On the table was a sophisticated proposal presented by the Factum Foundation and the UK Heritage Building Preservation Trust (UKHBPT), the body that successfully brought the Middleport Pottery in Stoke-on-Trent back to working life after acquiring it in 2011. This proposal includes a commitment to training bell makers and tuners and an expansion of the foundry’s activity into fine art casting; it is geared towards the establishment of ‘an economically viable, environmentally and socially sustainable working foundry’. Historic England was apparently unaware of this scheme, although UKHBPT had argued for a postponement of the sale and auction of foundry fittings as early as March 2017. Factum-UKHBPT’s arguments and proposals encompass both the quality of the buildings and the cultural and industrial heritage that they enshrine, and their approach is modern and economically feasible – but they do not own the site.

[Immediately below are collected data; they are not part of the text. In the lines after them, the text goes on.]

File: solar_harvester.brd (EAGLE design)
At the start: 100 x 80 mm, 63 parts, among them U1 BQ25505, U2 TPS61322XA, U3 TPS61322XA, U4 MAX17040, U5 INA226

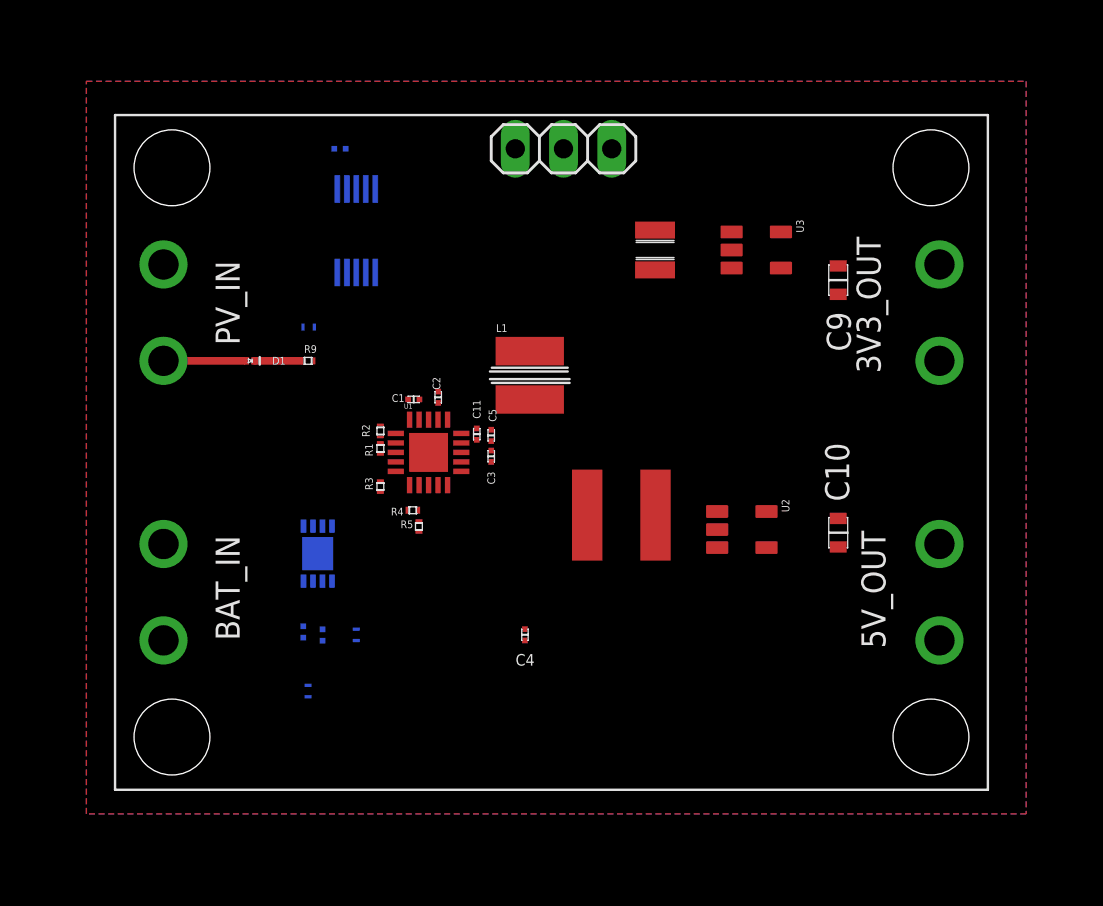
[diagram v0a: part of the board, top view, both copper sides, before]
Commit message: bq25505, both tps622, max17004 routed
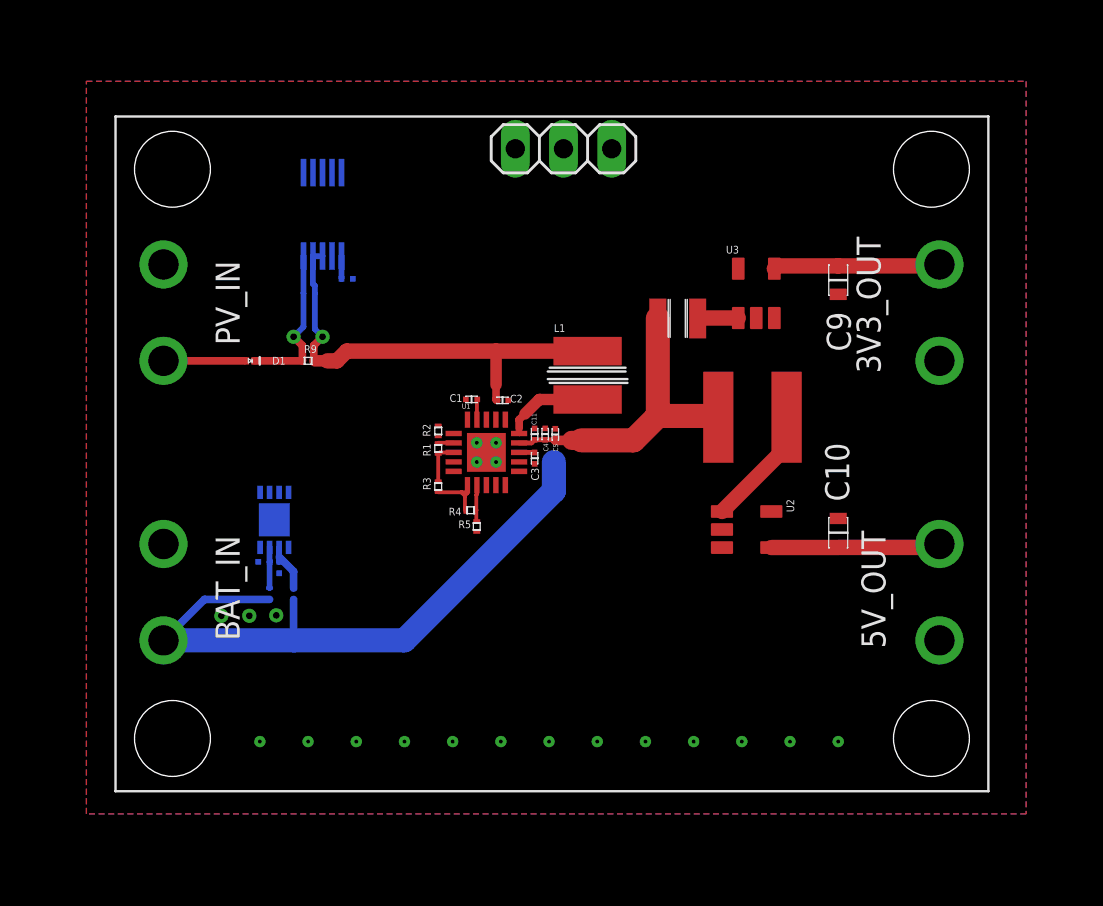
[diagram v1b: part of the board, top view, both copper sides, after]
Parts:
- added U$29: LOUT, vrlib_com_symbols:LOUT_FOOTPRINT
- C11: value 4u7 -> 10u
- C4: value 10u -> 4u7
- moved C4 10.6 mm to (35.4, 31.4)
- moved L2 8.62 mm to (46.3, 32.3)
- moved C8 6.87 mm to (24.9, 39.6)
- moved R7 5.52 mm to (20.8, 23.0)
- moved C7 4.24 mm to (20.5, 24.7), turned to 90 degrees
- moved C6 4.23 mm to (21.3, 24.4)
- moved R6 3.95 mm to (22.1, 23.0)
- moved L3 3.80 mm to (42.3, 37.5), turned to 90 degrees
- moved C2 3.39 mm to (33.1, 33.2), turned to 90 degrees
- moved C5 3.38 mm to (35.9, 31.4)
- moved C11 3.05 mm to (34.8, 31.4)
- moved L1 3.05 mm to (37.6, 34.5)
- moved R4 3.05 mm to (31.4, 27.4)
- moved U1 3.05 mm to (32.3, 30.5)
- moved C1 3.05 mm to (31.5, 33.3)
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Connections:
- removed net GND1: C6.2, C7.2, C8.2, U4.1, U4.4, U4.5, U4.6, U4.9, U5.1, U5.2, U5.7
- removed net VSTOR: C11.1, C5.1, C8.1, U1.19, U1.3, U5.6
- new net VCC: C11.1, C4.1, C5.1, C8.1, L2.1, L3.1, U1.19, U1.3, U5.6
- net GND: now also C6.2, C7.2, C8.2, U4.1, U4.4, U4.5, U4.6, U4.9, U5.1, U5.2, U5.7
- net VIN_BAT: no longer C4.1, L2.1, L3.1
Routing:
- net VIN_BAT: track 0.00 -> 34.8 mm
- net PVIN_AN: track 0.00 -> 23.6 mm, vias 0 -> 1
- net VCC: track 0.00 -> 17.5 mm
- net VDD3V3: track 0.00 -> 8.69 mm
- net VDD5: track 0.00 -> 8.60 mm
- net PVIN: track 2.55 -> 8.48 mm, vias 0 -> 1
- net N$11: track 0.00 -> 5.76 mm
- net N$1: track 0.00 -> 4.77 mm
- net N$5: track 0.00 -> 3.19 mm
- net N$8: track 0.00 -> 2.71 mm
- net N$3: track 0.00 -> 2.26 mm
- net N$10: track 0.00 -> 2.15 mm
- net N$7: track 0.00 -> 2.14 mm
- net N$6: track 0.00 -> 1.90 mm
- net N$2: track 0.00 -> 1.08 mm
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- added copper zone on layer 16, net GND
- removed copper zone on layer 16, net GND2

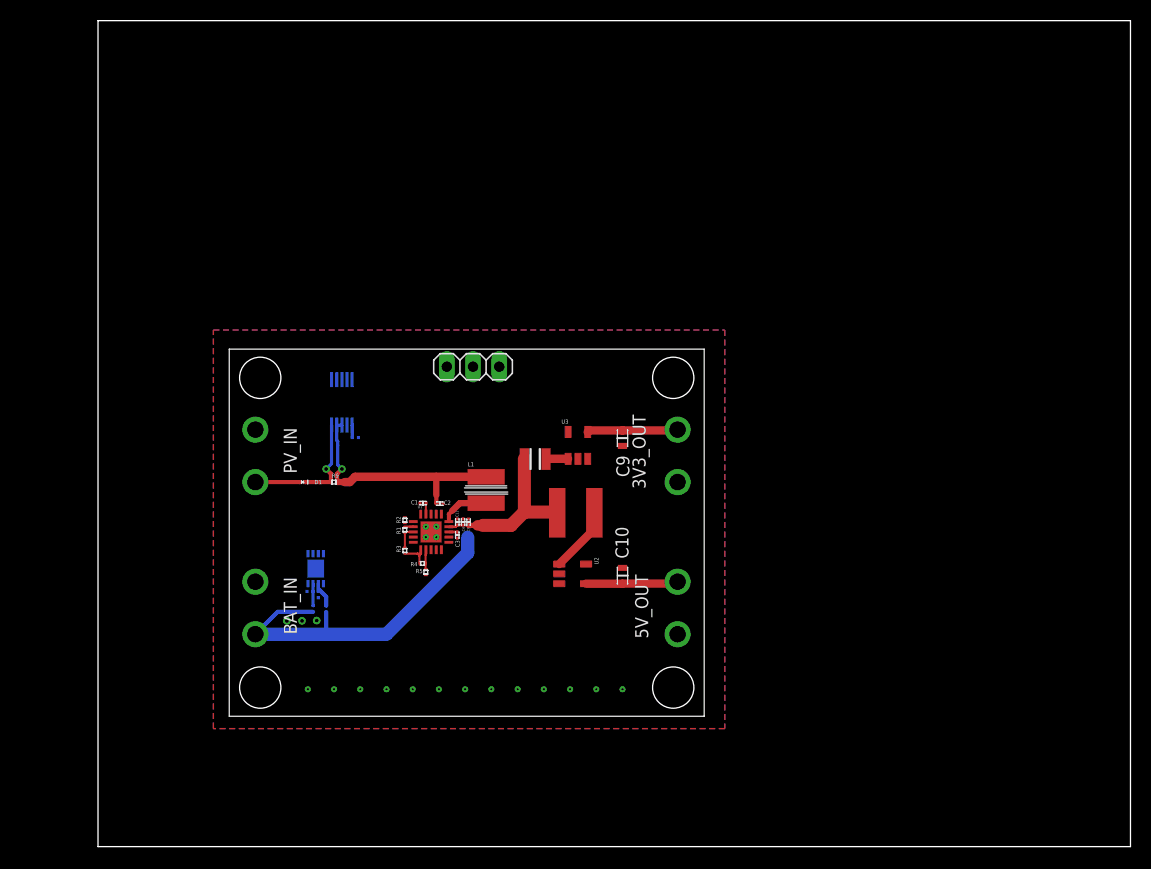
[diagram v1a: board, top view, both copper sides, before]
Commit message: routing complete without battery under-voltage protection
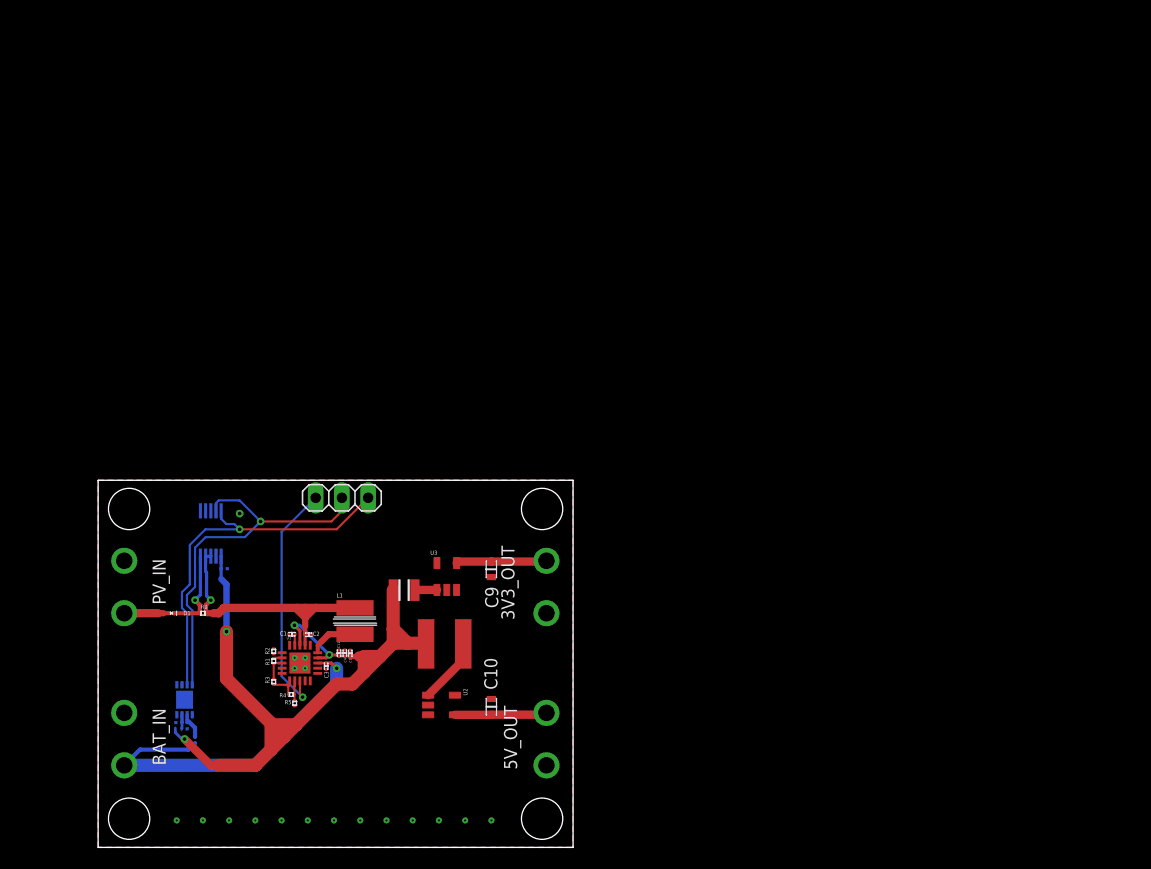
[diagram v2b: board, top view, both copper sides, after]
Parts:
- removed U$1, U$11, U$13, U$14, U$15, U$16, U$17, U$18, U$2, U$21, U$22, U$23, U$24, U$25, U$26, U$27, U$29, U$3, U$5, U$7, U$9: LOUT, vrlib_com_symbols:LOUT_FOOTPRINT
- removed U$10, U$12, U$19, U$20, U$28, U$4, U$6, U$8: GND, vrlib_com_symbols:GND_FOOTPRINT
- moved 5V_OUT 18.0 mm to (43.4, 10.4)
- moved B1 18.0 mm to (23.0, 17.7)
- moved C3 18.0 mm to (22.1, 17.5)
- moved C8 18.0 mm to (12.2, 26.9)
- moved JP1 18.0 mm to (23.6, 33.8)
- moved L3 18.0 mm to (29.6, 24.8)
- moved R8 18.0 mm to (10.2, 26.2)
- moved U1 18.0 mm to (19.6, 17.8)
- moved U3 18.0 mm to (33.8, 26.2)
- moved 3V3_OUT 18.0 mm to (43.4, 25.1)
- moved BAT_IN 18.0 mm to (2.54, 10.4)
- moved C1 18.0 mm to (18.8, 20.6)
- moved C2 18.0 mm to (20.4, 20.5)
- moved C6 18.0 mm to (8.64, 11.7)
- moved C7 18.0 mm to (7.84, 12.0)
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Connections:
- net VCC: now also R7.2
- net VIN_BAT: no longer R7.2
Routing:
- net VCC: track 17.5 -> 77.3 mm, vias 0 -> 4
- net I2C_SDA: track 0.00 -> 36.8 mm, vias 0 -> 1
- net I2C_SCL: track 0.00 -> 36.2 mm, vias 0 -> 1
- net VBAT_OK: track 0.00 -> 23.2 mm, vias 0 -> 1
- net PVIN_AN: track 23.6 -> 27.5 mm
- net N$7: track 2.14 -> 1.36 mm
- net VIN_BAT: track 34.8 -> 35.1 mm, vias 0 -> 1
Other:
- board size 100 x 80 mm -> 46 x 35.6 mm

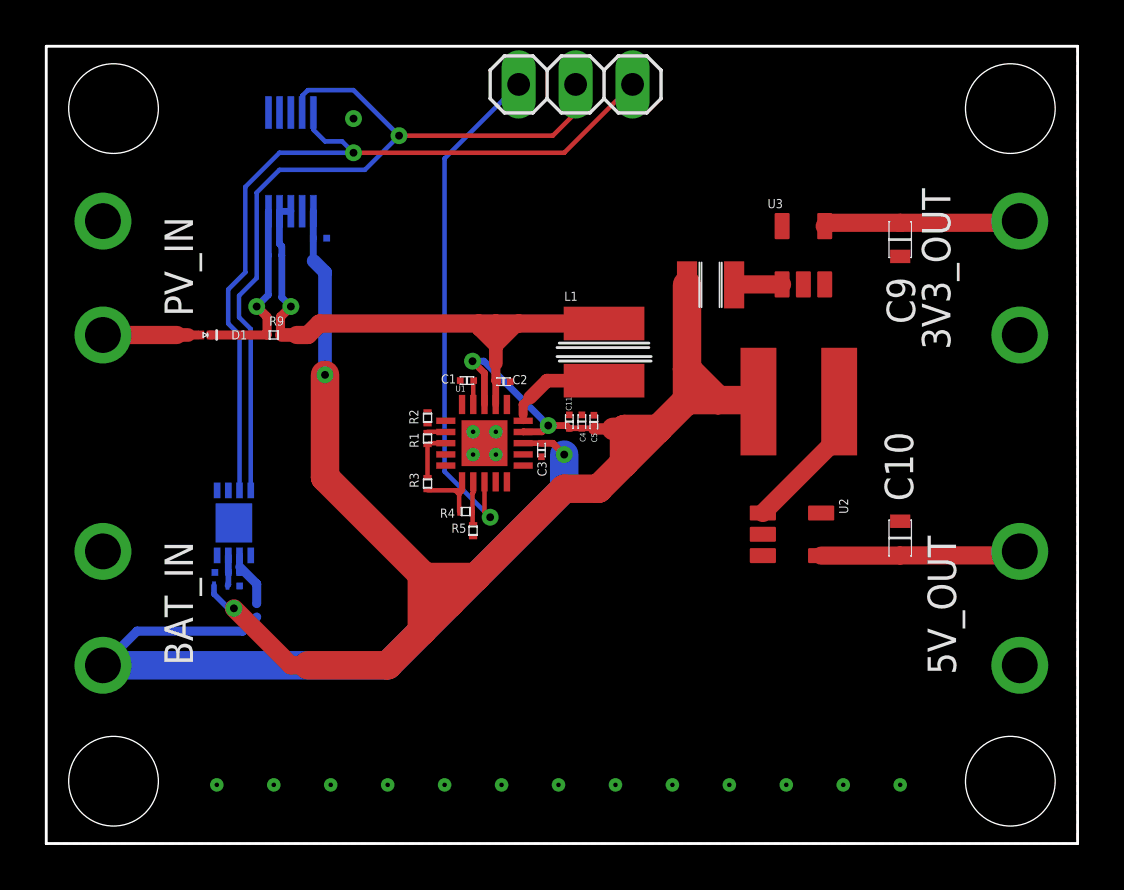
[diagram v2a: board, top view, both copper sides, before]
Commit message: resized board, routing almost finished
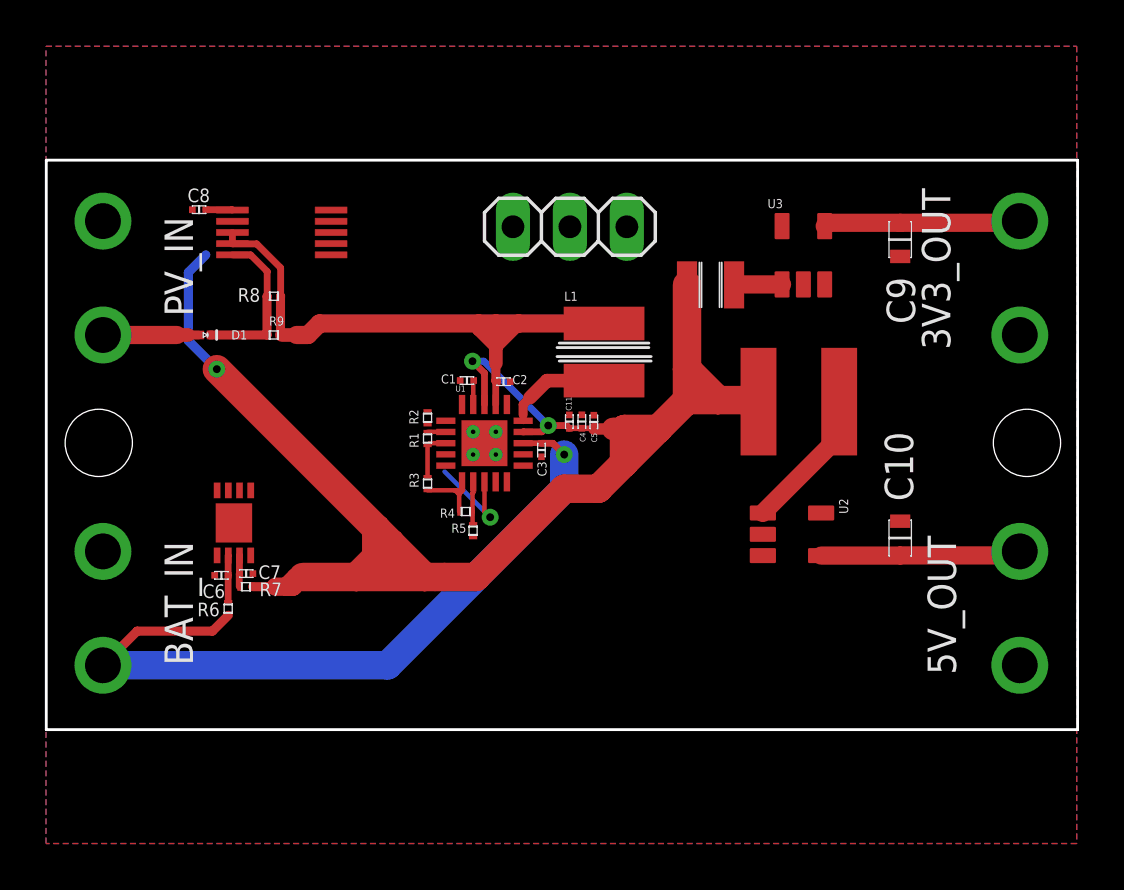
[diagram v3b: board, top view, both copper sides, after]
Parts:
- moved JP1 6.36 mm to (23.4, 27.4)
- moved C8 5.54 mm to (6.83, 28.2), flipped to the top
- moved U5 3.18 mm to (10.5, 27.2), flipped to the top, turned to 90 degrees
- moved R8 1.83 mm to (10.2, 24.3), flipped to the top, turned to 270 degrees
- moved R6 1.27 mm to (8.13, 10.4), flipped to the top
- moved R7 1.12 mm to (8.92, 11.4), flipped to the top
- moved C7 1.09 mm to (8.93, 12.0), flipped to the top
- moved C6 0.83 mm to (7.83, 11.9), flipped to the top, turned to 270 degrees
- flipped U4 to the top
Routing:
- net I2C_SDA: track 36.8 -> 0.00 mm, vias 1 -> 0
- net I2C_SCL: track 36.2 -> 0.00 mm, vias 1 -> 0
- net VBAT_OK: track 23.2 -> 4.56 mm
- net VCC: track 77.3 -> 72.8 mm, vias 4 -> 3
- net VIN_BAT: track 35.1 -> 33.9 mm
- net PVIN: track 8.48 -> 7.24 mm, vias 1 -> 0
- net N$8: track 2.71 -> 2.08 mm
- net PVIN_AN: track 27.5 -> 27.1 mm, vias 1 -> 0
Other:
- board size 46 x 35.6 mm -> 46 x 25.4 mm

The Whitechapel Bell Foundry represents extraordinary historical continuity, the extension of which is now feasible, and it surely merits consideration under the UNESCO definition of intangible cultural heritage relating to knowledge and skills. This is not a dead industry: just consider the renaissance in village bell ringing up and down the country at the time of the millennium, which drew on substantial lottery funds. If Historic England is so eager to face the public, and to fulfil its responsibilities towards that ‘productive heritage’ it espouses, then here, surely, is a perfect fit.